Within 48 hours of the U.S. Justice Department filing suit against VISA, MasterCard, and American Express, two of the credit card giants agreed to a significant change in the way they do business with their merchants. While this settlement will help the stores and e-commerce websites you favor, what might this settlement mean to you, as a consumer?

Reasons for the Suit and Fast Settlement

The consumer-targeted CARD Act (2009) is designed to help consumers save money and make better credit card decisions. Numerous consumer-unfriendly practices—double cycle billing, increased interest on former purchases, and insufficient disclosure of account changes—are now prohibited.

The current issue directly relates to merchants who accept credit cards. In 2005 and 2006, VISA and MasterCard greatly expanded their fees for many card types. Prior to these changes, there were three primary categories of transactions and fees.

  • Swiped, card present. The most common type, swiped transactions occur when you are at a merchant, make a purchase, and hand over your credit card. Swiping the card through a terminal, the store employee receives a printed consumer receipt, a printed store receipt for your signature, and a unique transaction (approval) number. These transactions have the lowest merchant processing fees.
  • Not swiped, card present. These transactions are identical to in person, swiped card use with one major difference. For one or more reasons, i.e., damaged magnetic stripe, your card is unreadable by the store terminal. While you offer your credit card, the merchant must physically enter your account number to receive an approval. These transactions generate higher processing fees.
  • Card not present. The most expensive transactions involve those when a physical credit card is not presented to a merchant. This occurs when you visit a store without your card—only your account number. Should you make mail order or telephone order (MOTO) purchases, your card is also not present. These are the most expensive transactions for merchants—and VISA, MasterCard—because of the much higher risk involved since neither you nor your card is present.

The wide use of rewards, affinity, and corporate credit cards prompted VISA and MasterCard to expand their merchant fee schedules, with different transaction rates for all types of cards that differed from basic accounts. At the same time, however, the “language” in the merchant agreements remained unchanged.

Merchants MUST accept all valid credit cards, regardless of the sale amount, type, e.g., rewards, and applicable transaction fees. Your merchant cannot recommend that you use a basic card in lieu of a corporate account—which has a higher fee—to save the store money. Also, your favorite stores cannot offer you a discount for paying cash or using a basic credit card instead of the more expensive rewards or corporate cards.

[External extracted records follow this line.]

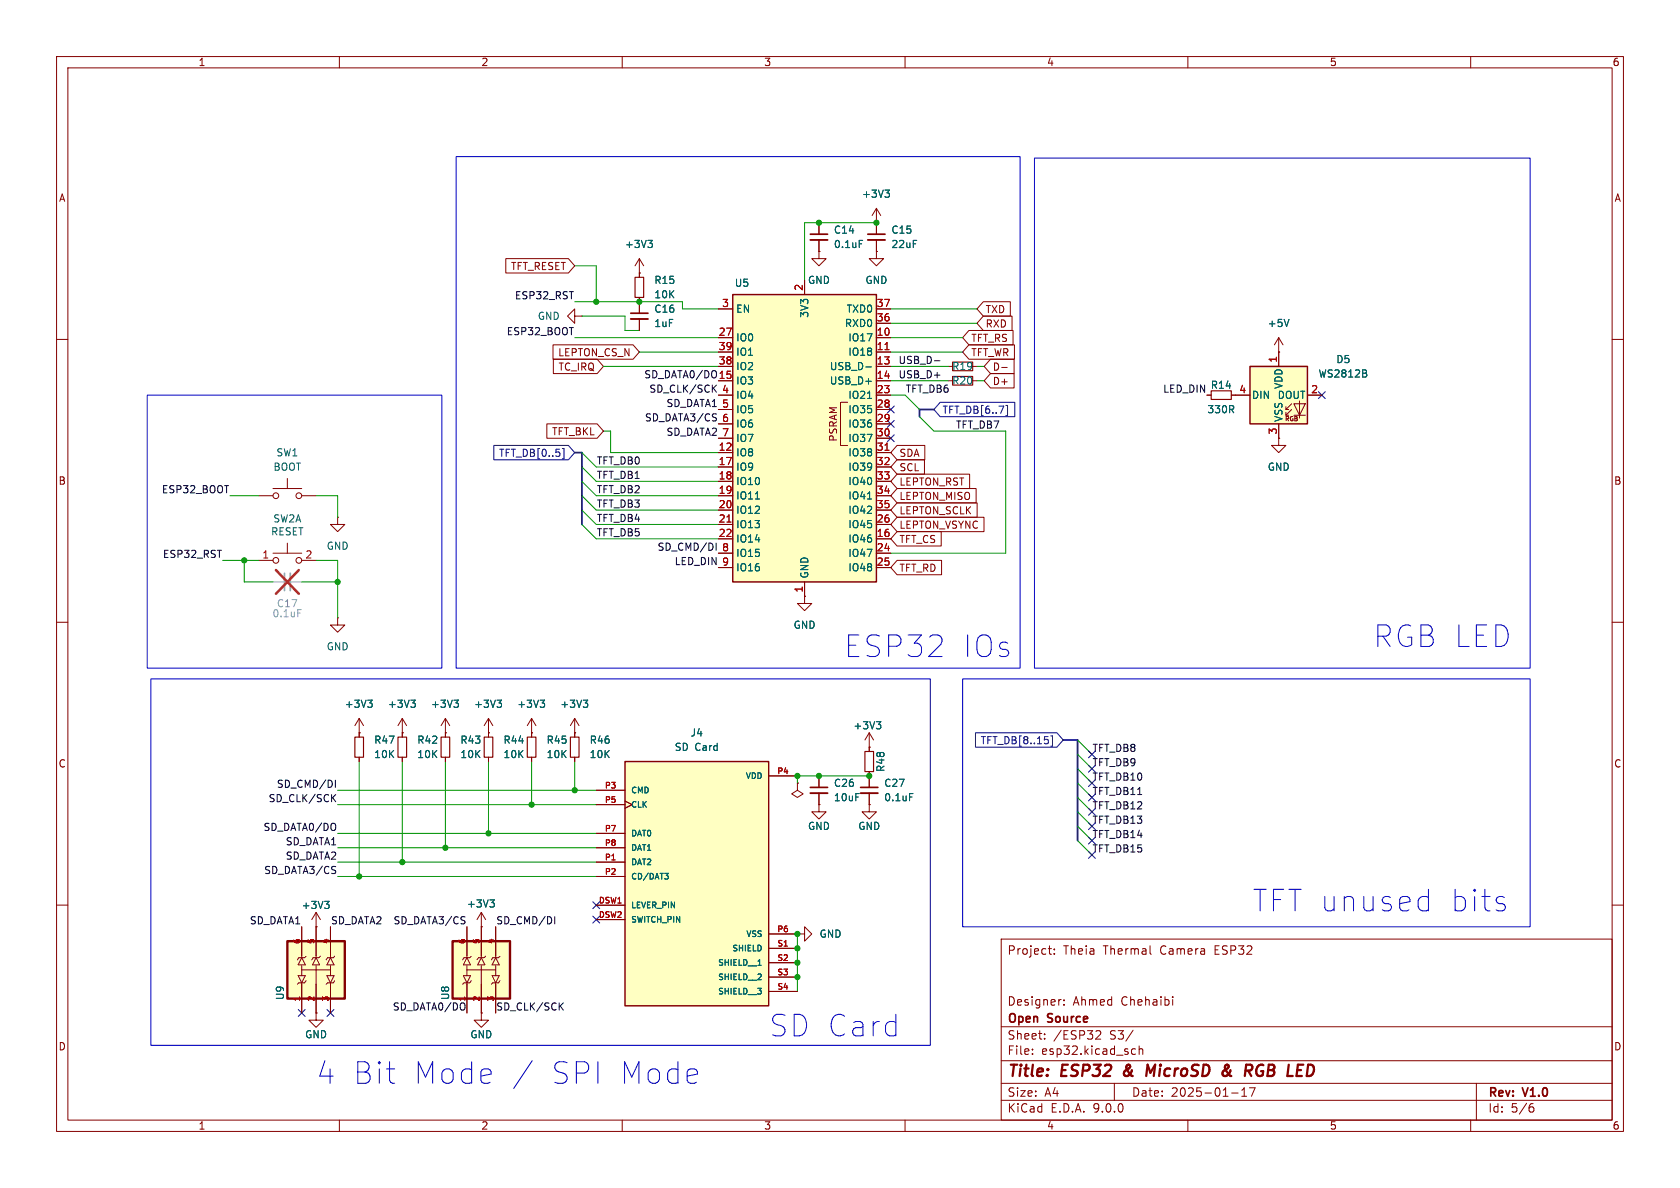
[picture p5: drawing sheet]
<svg xmlns="http://www.w3.org/2000/svg" width="297mm" height="210mm" viewBox="0 0 297 210" stroke-linecap="round" stroke-linejoin="round" font-family="sans-serif">
<g fill="none" stroke="#840000" stroke-width=".18">
<path d="M10 10h277v190h-277zM12 12h273v186h-273zM60 10v2M110 10v2M160 10v2M210 10v2M260 10v2M144.8 44.5v1.2h1.2l-1.2 1.3-1.3-1.3h1.3M144.8 44.5h.1M10 60h2M226.1 77.5v1.2h1.2l-1.2 1.3-1.3-1.3h1.3M226.1 77.5h.1"/>
<path d="M285 60h2M10 110h2M285 110h2M78.7 129.5v.8M78.7 133.9v.7M94 129.5v.8M94 133.9v.7M10 160h2M177 166h108v32h-108zM185.3 167.7h.6M185.6 168.6l.3 .1M186.4 168.6v.1"/>
<path d="M186.4 167.8v.1M187.5 176.7h.1M188.1 177.6v.1M188.1 176.8v.1M203.3 168.5l.2 .2M207.3 176.2v.1M207.3 176.7v1M285 160h2M60 198v2M110 198v2M160 198v2M177 194.5h108"/>
<path d="M177 191.5h108M177 187.5h108M177 181.5h108M182.5 186.3v.1M182.5 185.5v.1M184.7 183.6v.1M184.7 182.8v.1M193.8 182.3l.5-.1 .2 .1 .1 .3-.9 1.1h.9M197 191.5v3M200.2 186.3h.5M200.2 185.5h.5M200.3 182.1l-1.3 2"/>
<path d="M201.4 185.5l.2-.1 .4 .1v.9M201.4 184.9v1.5M210 198v2M217.7 193.2h1.2M219.5 193.8h.9M219.5 192.7l.5-.4v1.5M220.9 192.3h1l-.7 1.5M260 198v2M261 191.5v6.5M270.6 195.7h.4l.2 .3-.1 .5-.5 .1M271 195.1l-.4 .1"/>
</g>
<path d="M198.8 189.4a.53 .53 0 0 0 0 .7M204.2 188.2l-.8 1.4-.5-1.4-.3 2M216.6 189l.8 1.1 .3 .1M216.7 188.3l.2-.1 .3 .1v.3l-.8 .7M217.5 189.2l-.1 .4-.7 .6M222.6 188.3a1.11 1.11 0 0 0 0 1.9" fill="none" stroke="#840000" stroke-width=".4"/>
<path d="M78 130.3h1.5v3.6h-1.5zM93.2 130.3h1.5v3.6h-1.5z" fill="none" stroke="#840000" stroke-width=".2"/>
<path d="M221 64.8h10.1v10.1h-10.1z" fill="#ffffc2"/>
<g fill="none" stroke="#840000" stroke-width=".18">
<path d="M144.8 39.4v2M154.9 39.4h.1M154.9 36.8v4.6M154.9 36.8l-.7 1.3M154.9 36.8l.8 1.3M144.8 42.4v2.1M154.9 44.5v1.2h1.3l-1.3 1.3-1.2-1.3h1.2M154.9 44.5h.1M154.9 42.4v2.1M226.1 59.7v5.1M226.1 59.7l-.8 1.3M226.1 59.7l.7 1.3"/>
<path d="M167.6 64.8h.8M172 64.8h.7M213.4 69.9h.7M217.7 69.9h3.3M226.1 62.2h.1M226.1 74.9v2.6M227.3 72.4h.5M227.3 73.4h.5M228.3 71.4l-1 1v-.5M228.3 72.4l-1 1v-.5M228.7 71.4h2.1l-1.1 2zM228.7 73.4h2.1"/>
<path d="M229.7 70.9v3M231.1 69.9h2.6M142.2 105.4v1.3h1.3l-1.3 1.3-1.2-1.3h1.2M142.2 105.4h.1M71.1 129.5h.1M71.1 127l-.7 1.3M71.1 127l.8 1.3M71.1 127v2.5"/>
</g>
<path d="M221 64.8h10.1v10.1h-10.1z" fill="none" stroke="#840000" stroke-width=".25"/>
<path d="M156.5 33.6h.7l-.4 .5M157 34.1l.2 .2v.3l-.2 .3M151.9 42.5h.6M227.9 56.5l-.4 1.2M241.5 66l.1 .2-.1 .4M241.5 65.5v.4M72.6 123.8h.8l-.4 .5M73.2 124.3l.2 .2v.3l-.2 .2" fill="none" stroke="#006464" stroke-width=".18"/>
<path d="M168.4 64h3.6v1.5h-3.6zM214.1 69.1h3.6v1.5h-3.6z" fill="none" stroke="#840000" stroke-width=".2"/>
<path d="M143.3 41.4h3M153.4 41.4h3.1" fill="none" stroke="#840000" stroke-width=".3"/>
<path d="M143.3 42.4h3M153.4 42.4h3.1" fill="none" stroke="#840000" stroke-width=".33"/>
<path d="M129.5 52.1h25.4v50.8h-25.4z" fill="#ffffc2"/>
<path d="M129.5 52.1h25.4v50.8h-25.4z" fill="none" stroke="#840000" stroke-width=".25"/>
<g fill="none" stroke="#840000" stroke-width=".18">
<path d="M101.6 55.9v-1.3l-1.3 1.3 1.3 1.3v-1.3h1.3M102.9 55.9h.1M113 48.3h.1M113 45.7l-.7 1.3M113 45.7l.8 1.3M113 45.7v3.3M113 52.6v2.8M113 56.4v2M127 54.6h2.5M127 59.7h2.5M142.2 49.5v2.6M154.9 54.6h2.6"/>
<path d="M154.9 59.7h2.6M154.9 57.2h2.6M127 62.2h2.5M127 64.8h2.5M127 67.3h2.5M127 69.9h2.5M127 72.4h2.5M127 74.9h2.5M127 77.5h2.5M149.9 71.1h-1.3v7.6h1.3M154.9 62.2h2.6M154.9 64.8h2.6"/>
<path d="M154.9 67.3h2.6M154.9 69.9h2.6M154.9 72.4h2.6M154.9 74.9h2.6M154.9 77.5h2.6M167.6 67.3h.8M172 67.3h.7M127 80h2.5M127 82.6h2.5M127 85.1h2.5M127 87.6h2.5M127 90.2h2.5"/>
<path d="M127 92.7h2.5M127 95.3h2.5M127 97.8h2.5M154.9 80h2.6M154.9 82.6h2.6M154.9 85.1h2.6M154.9 87.6h2.6M154.9 90.2h2.6M154.9 92.7h2.6M154.9 95.3h2.6M154.9 97.8h2.6M59.7 109.2v1.3h1.3l-1.3 1.3-1.3-1.3h1.3"/>
<path d="M59.7 109.2h.1M127 100.3h2.5M142.2 102.9v2.5M154.9 100.3h2.6M63.5 129.5h.1M63.5 127l-.8 1.3M63.5 127l.8 1.3M63.5 127v3.3M63.5 133.9v.7M86.4 129.5v.8M86.4 133.9v.7M101.6 129.5h.1"/>
<path d="M101.6 127l-.8 1.3M101.6 127l.8 1.3M101.6 127v2.5M141 138.4v1.3l1 .6-1 .7-1-.7 1-.6M141 138.4h.1M144.8 137.2v2M153.7 132.1h.1M153.7 129.5v2.6M153.7 137.2v2M153.7 129.5l-.8 1.3M153.7 129.5l.7 1.3M144.8 142.2v1.3h1.2l-1.2 1.3-1.3-1.3h1.3"/>
<path d="M144.8 142.2h.1M144.8 140.2v2M153.7 140.2v2M85.1 163.8h.1M85.1 161.3l-.8 1.3M85.1 161.3l.8 1.3M85.1 161.3v2.5M141 165.1h1.2v-1.3l1.3 1.3-1.3 1.3v-1.3M141 165.1h.1"/>
</g>
<g fill="none" stroke="#006464" stroke-width=".18">
<path d="M114.5 42.5h.8l-.4 .5M115.1 43l.2 .2v.3l-.2 .3M153.1 64.9h.9M153.4 70.4h.7M133.5 88.2h.8M153.4 88.2h.7M65 123.8h.8l-.4 .5M65.6 124.3l.2 .2v.3l-.2 .2M103.1 123.8h.8l-.4 .5M103.7 124.3l.2 .2v.3l-.2 .2M154.9 127.6h.8l-.4 .5M155.5 128.1l.2 .2v.3l-.2 .2"/>
<path d="M86.6 159.1h.8l-.4 .5M87.1 159.6l.3 .2v.3l-.3 .2M160.8 140.3h.6"/>
</g>
<path d="M156.5 61.8h.7M156.5 79.6h.7M128.5 92.3h.7" fill="none" stroke="#a90000" stroke-width=".18"/>
<path d="M112.3 49h1.5v3.6h-1.5zM168.4 66.5h3.6v1.6h-3.6zM62.7 130.3h1.6v3.6h-1.6zM85.6 130.3h1.5v3.6h-1.5z" fill="none" stroke="#840000" stroke-width=".2"/>
<path d="M111.5 55.4h3.1M143.3 139.2h3M152.1 139.2h3.1" fill="none" stroke="#840000" stroke-width=".3"/>
<path d="M111.5 56.4h3.1M143.3 140.2h3M152.1 140.2h3.1" fill="none" stroke="#840000" stroke-width=".33"/>
<path d="M80 166.4h10.2v10.1h-10.2z" fill="#ffffc2"/>
<path d="M80 166.4h10.2v10.1h-10.2z" fill="none" stroke="#840000" stroke-width=".41"/>
<g fill="none" stroke="#840000" stroke-width=".18">
<path d="M45.7 99.1h2.6M45.7 87.6h2.6M48.3 97.8h5M48.3 86.4h5M50.8 84.6v1.8M50.8 96v1.8M53.3 99.1h2.6M53.3 87.6h2.6M59.7 91.4v1.3h1.3l-1.3 1.3-1.3-1.3h1.3M59.7 91.4h.1M71.1 129.5v.8M71.1 133.9v.7"/>
<path d="M78.7 129.5h.1M78.7 127l-.7 1.3M78.7 127l.8 1.3M78.7 127v2.5M86.4 129.5h.1M86.4 127l-.8 1.3M86.4 127l.7 1.3M86.4 127v2.5M94 129.5h.1M94 127l-.8 1.3M94 127l.7 1.3M94 127v2.5"/>
<path d="M55.9 163.8h.1M55.9 161.3l-.8 1.3M55.9 161.3l.7 1.3M55.9 161.3v2.5M81.9 172.5h1.3l-.7 1.2zM82.5 163.8v5.6M82.5 170.7v1.8M82.5 173.7v5.4M82.5 171.5h5.1M82.5 169.3l.7 1.3h-1.3zM83.3 173.4l-.2 .3h-1.1l-.2 .3M83.3 169l-.2 .3h-1.1l-.2 .4"/>
<path d="M85.1 163.8v5.4M85.1 170.7v8.4M85.1 169.3l.6 1.3h-1.2zM85.9 169l-.3 .3h-1l-.3 .4M87 172.5h1.3l-.7 1.2zM87.6 163.8v5.6M87.6 170.7v1.8M87.6 173.7v5.4M87.6 169.3l.7 1.3h-1.3zM88.4 173.4l-.3 .3h-1l-.2 .3M88.4 169l-.3 .3h-1l-.2 .4"/>
<circle cx="48.8" cy="99.1" r=".51"/>
<circle cx="48.8" cy="87.6" r=".51"/>
<circle cx="52.8" cy="99.1" r=".51"/>
<circle cx="52.8" cy="87.6" r=".51"/>
</g>
<path d="M80.3 123.8h.7l-.4 .5M80.8 124.3l.2 .2v.3l-.2 .2M87.9 123.8h.8l-.5 .5M88.4 124.3l.3 .2v.3l-.3 .2M95.5 123.8h.8l-.4 .5M96 124.3l.3 .2v.3l-.3 .2M57.4 159.3h.8l-.4 .5M57.9 159.8l.3 .3v.3l-.3 .2" fill="none" stroke="#006464" stroke-width=".18"/>
<path d="M50.3 101.3v3.1" fill="none" stroke="#a1a1a1" stroke-width=".3"/>
<path d="M51.3 101.3v3.1" fill="none" stroke="#a1a1a1" stroke-width=".33"/>
<path d="M48.3 102.9h2M51.3 102.9h2" fill="none" stroke="#a1a1a1" stroke-width=".18"/>
<path d="M52.6 107.8h.6" fill="none" stroke="#989898" stroke-width=".18"/>
<path d="M48.8 100.8l4 4.2M52.8 100.8l-4 4.2" fill="none" stroke="#e12e31" stroke-width=".46"/>
<path d="M70.4 130.3h1.5v3.6h-1.5z" fill="none" stroke="#840000" stroke-width=".2"/>
<path d="M50.8 166.4h10.2v10.1h-10.2z" fill="#ffffc2"/>
<path d="M50.8 166.4h10.2v10.1h-10.2z" fill="none" stroke="#840000" stroke-width=".41"/>
<g fill="none" stroke="#840000" stroke-width=".18">
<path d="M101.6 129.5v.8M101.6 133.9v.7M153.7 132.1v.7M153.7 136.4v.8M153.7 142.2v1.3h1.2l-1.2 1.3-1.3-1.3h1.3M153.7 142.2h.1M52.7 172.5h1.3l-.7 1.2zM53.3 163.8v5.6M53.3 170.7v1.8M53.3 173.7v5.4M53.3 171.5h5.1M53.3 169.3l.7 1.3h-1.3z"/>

The U.S. Justice Department, recipient of many merchant and consumer complaints, finally sued the three major credit card companies. While American Express remains resolute, VISA and MasterCard quickly agreed to change some of these restrictive provisions.

Will Consumers Benefit From the Settlement?

There are more questions than answers at the moment.

  • When you compare credit cards, will there be any difference in rates and terms for your account?
  • When you examine credit card offers, will you see any benefits directly offered to you?
  • Will a credit card comparison mention any benefits—or detriments—to consumers because of this settlement?
  • Will credit card rewards be increased or decreased because of this Justice Department settlement?
  • Will the credit card industry still offer low interest credit cards? Could credit card rates increase?
  • When consumers compare credit card offers, will they see any difference at all?

>While you might see no mention of this settlement when looking for credit card deals, how might merchants use these new terms to help them—and you—improve the shopping experience? Merchants could—not must—take any of the following actions.

  • Recommend that you use a different credit card when paying for your purchases.
  • Offer discounts to consumers for presenting lower cost credit cards.
  • If one card charges a three percent processing fee, but another charges only one percent, the merchant might influence the purchaser to use the smaller percentage card.
  • After influencing consumers to use lower cost cards, they could keep the difference as added profit, and offer their purchasers nothing. There are no requirements in the current settlement that require merchants to pass savings to consumers.

Regulators hope you, as a consumer, receive some direct benefits, but experts are skeptical. You could hope that merchants’ higher profits would spur them to keep or improve their competitive pricing and quality that attracts you now.

Since the settlement must be approved by the U.S. District Court, changes in terms are still possible. American Express, which operates differently from VISA and MasterCard, is unsure of their future strategy, but has, to date, refused to settle with the Justice Department. Consumers should follow future developments closely.